他扭頭看過去,果然還是那個女生。
他快瘋了,正想躲,想了想還是先試探性地問了句:“有事?”
女生的視線一直在打量著他帽沿下的輪廓,鄭一峰直接將帽沿往上撩了撩攤牌,同時眼神不太自信地斜下瞥去,詢問了句:“你……認得我嗎?”
女生吃驚地抬手捂住了嘴巴,表情很夸張。
好吧,原來她一直沒敢確認……鄭一峰表情木然。
陸遠秋往旁邊瞅了瞅,有些意外地微張眼睛,他看到鄭一峰正像個玩偶似的與大巴車上的那個女生擺著各種姿勢拍照,他朝陸遠秋投來了生無可戀的求救眼神,但陸遠秋只是笑了笑,沒有理會,這還能怎么插手,人家有啥要求都依著唄。
希望鄭一峰能守住底線。
他轉過頭,發現白清夏這時已經將手機收了起來。
“不拍了?”
白清夏搖頭,回應了一個略顯干澀的笑容。
陸遠秋覺得她可能是沒有在這里發現一絲一毫爸爸存在過的痕跡,所以感到失落,或者說不忿,但倘若她能有這些感受,那么陸遠秋會認為這趟白犀之行就是有意義的。
畢竟她一直對“白犀被搶”這件事缺少代入感,苦日子過慣了,很難相信輝煌也曾屬于過她。

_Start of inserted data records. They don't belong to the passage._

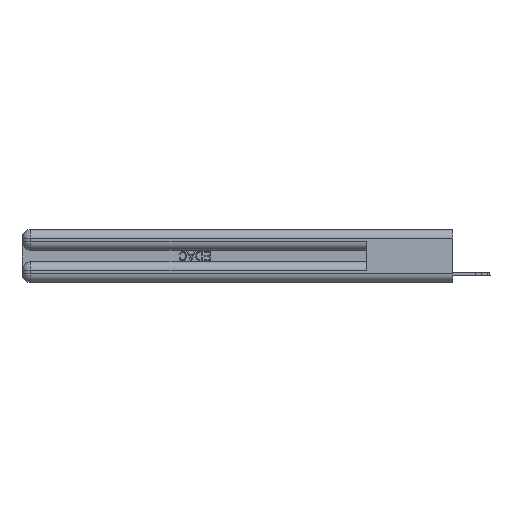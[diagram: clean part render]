
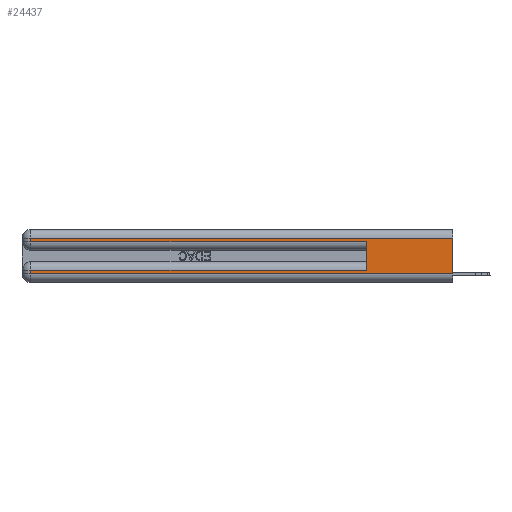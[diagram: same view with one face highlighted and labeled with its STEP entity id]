
A CAD part, left-side view. The second image highlights one B-rep face of the part: STEP entity #24437.
In plain terms, the highlighted planar face has unit normal (-1, 0, 0).
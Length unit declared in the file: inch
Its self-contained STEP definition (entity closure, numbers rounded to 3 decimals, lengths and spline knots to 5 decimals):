
#738 = EDGE_CURVE ( 'NONE', #1141, #9404, #14816, .T. ) ;
#751 = DIRECTION ( 'NONE',  ( 0., 0., -1. ) ) ;
#999 = LINE ( 'NONE', #17938, #28535 ) ;
#1023 = ORIENTED_EDGE ( 'NONE', *, *, #23884, .T. ) ;
#1141 = VERTEX_POINT ( 'NONE', #7086 ) ;
#3036 = LINE ( 'NONE', #12337, #10934 ) ;
#3364 = VECTOR ( 'NONE', #19117, 39.37008 ) ;
#3694 = ORIENTED_EDGE ( 'NONE', *, *, #4199, .T. ) ;
#4199 = EDGE_CURVE ( 'NONE', #7396, #12681, #21304, .T. ) ;
#4315 = VERTEX_POINT ( 'NONE', #29066 ) ;
#4872 = PLANE ( 'NONE',  #8600 ) ;
#5170 = VECTOR ( 'NONE', #24261, 39.37008 ) ;
#5258 = DIRECTION ( 'NONE',  ( 0., 1., 0. ) ) ;
#5300 = DIRECTION ( 'NONE',  ( 0., -1., 0. ) ) ;
#5316 = DIRECTION ( 'NONE',  ( 0., 0., -1. ) ) ;
#5409 = CARTESIAN_POINT ( 'NONE',  ( 0., 0., 0.085 ) ) ;
#6192 = EDGE_CURVE ( 'NONE', #12681, #4315, #3036, .T. ) ;
#7086 = CARTESIAN_POINT ( 'NONE',  ( 0., 0., 0.31 ) ) ;
#7396 = VERTEX_POINT ( 'NONE', #23852 ) ;
#8534 = VECTOR ( 'NONE', #5300, 39.37008 ) ;
#8600 = AXIS2_PLACEMENT_3D ( 'NONE', #16933, #12188, #5316 ) ;
#8640 = DIRECTION ( 'NONE',  ( 0., -1., 0. ) ) ;
#9404 = VERTEX_POINT ( 'NONE', #16641 ) ;
#9661 = VERTEX_POINT ( 'NONE', #19988 ) ;
#9787 = CARTESIAN_POINT ( 'NONE',  ( 0., 0., 0.37 ) ) ;
#10868 = EDGE_CURVE ( 'NONE', #7396, #14240, #19543, .T. ) ;
#10934 = VECTOR ( 'NONE', #751, 39.37008 ) ;
#12188 = DIRECTION ( 'NONE',  ( 1., 0., 0. ) ) ;
#12332 = CARTESIAN_POINT ( 'NONE',  ( 0., 0.6, 0.145 ) ) ;
#12337 = CARTESIAN_POINT ( 'NONE',  ( 0., 2.94, 0.37 ) ) ;
#12482 = FACE_OUTER_BOUND ( 'NONE', #23124, .T. ) ;
#12681 = VERTEX_POINT ( 'NONE', #25289 ) ;
#13088 = ORIENTED_EDGE ( 'NONE', *, *, #10868, .F. ) ;
#13184 = DIRECTION ( 'NONE',  ( 0., 0., -1. ) ) ;
#14240 = VERTEX_POINT ( 'NONE', #28655 ) ;
#14816 = LINE ( 'NONE', #9787, #3364 ) ;
#14958 = ORIENTED_EDGE ( 'NONE', *, *, #29106, .T. ) ;
#15776 = LINE ( 'NONE', #29975, #22240 ) ;
#16052 = VECTOR ( 'NONE', #5258, 39.37008 ) ;
#16392 = CARTESIAN_POINT ( 'NONE',  ( 0., 0., 0.06 ) ) ;
#16641 = CARTESIAN_POINT ( 'NONE',  ( 0., 0., 0.06 ) ) ;
#16914 = LINE ( 'NONE', #26237, #8534 ) ;
#16933 = CARTESIAN_POINT ( 'NONE',  ( 0., 0., 0.37 ) ) ;
#17938 = CARTESIAN_POINT ( 'NONE',  ( 0., 2.94, 0.37 ) ) ;
#19117 = DIRECTION ( 'NONE',  ( 0., 0., -1. ) ) ;
#19303 = ORIENTED_EDGE ( 'NONE', *, *, #6192, .T. ) ;
#19543 = LINE ( 'NONE', #12332, #5170 ) ;
#19988 = CARTESIAN_POINT ( 'NONE',  ( 0., 2.94, 0.31 ) ) ;
#21304 = LINE ( 'NONE', #5409, #16052 ) ;
#22178 = EDGE_CURVE ( 'NONE', #4315, #9404, #29397, .T. ) ;
#22217 = VECTOR ( 'NONE', #8640, 39.37008 ) ;
#22240 = VECTOR ( 'NONE', #25269, 39.37008 ) ;
#23124 = EDGE_LOOP ( 'NONE', ( #28944, #1023, #24727, #14958, #13088, #3694, #19303, #23872 ) ) ;
#23642 = VERTEX_POINT ( 'NONE', #26811 ) ;
#23852 = CARTESIAN_POINT ( 'NONE',  ( 0., 0.6, 0.085 ) ) ;
#23872 = ORIENTED_EDGE ( 'NONE', *, *, #22178, .T. ) ;
#23884 = EDGE_CURVE ( 'NONE', #1141, #9661, #15776, .T. ) ;
#24261 = DIRECTION ( 'NONE',  ( 0., 0., 1. ) ) ;
#24437 = ADVANCED_FACE ( 'NONE', ( #12482 ), #4872, .F. ) ;
#24727 = ORIENTED_EDGE ( 'NONE', *, *, #29246, .T. ) ;
#25269 = DIRECTION ( 'NONE',  ( 0., 1., 0. ) ) ;
#25289 = CARTESIAN_POINT ( 'NONE',  ( 0., 2.94, 0.085 ) ) ;
#26237 = CARTESIAN_POINT ( 'NONE',  ( 0., 0., 0.285 ) ) ;
#26811 = CARTESIAN_POINT ( 'NONE',  ( 0., 2.94, 0.285 ) ) ;
#28535 = VECTOR ( 'NONE', #13184, 39.37008 ) ;
#28655 = CARTESIAN_POINT ( 'NONE',  ( 0., 0.6, 0.285 ) ) ;
#28944 = ORIENTED_EDGE ( 'NONE', *, *, #738, .F. ) ;
#29066 = CARTESIAN_POINT ( 'NONE',  ( 0., 2.94, 0.06 ) ) ;
#29106 = EDGE_CURVE ( 'NONE', #23642, #14240, #16914, .T. ) ;
#29246 = EDGE_CURVE ( 'NONE', #9661, #23642, #999, .T. ) ;
#29397 = LINE ( 'NONE', #16392, #22217 ) ;
#29975 = CARTESIAN_POINT ( 'NONE',  ( 0., 0., 0.31 ) ) ;

見女孩心情沉悶,陸遠秋想了想提議道:“出去透透氣?買瓶水喝。”
白清夏聞言看向了鄭一峰,陸遠秋道:“沒事,他正忙著呢,給他發個消息就行。”
陸遠秋拿出手機給鄭一峰打了聲招呼,隨后便拉著白清夏溜出了展廳。
兩人牽拉在一塊的手輕輕搖晃,白清夏臉上一直帶著勉強的笑,陸遠秋看得有些心疼,停下來晃著她的兩只胳膊,露出試圖感染對方的笑容:“有什么想說的,想問的嗎?”
他將白清夏的帽子拿掉,充當著扇子幫她扇著風。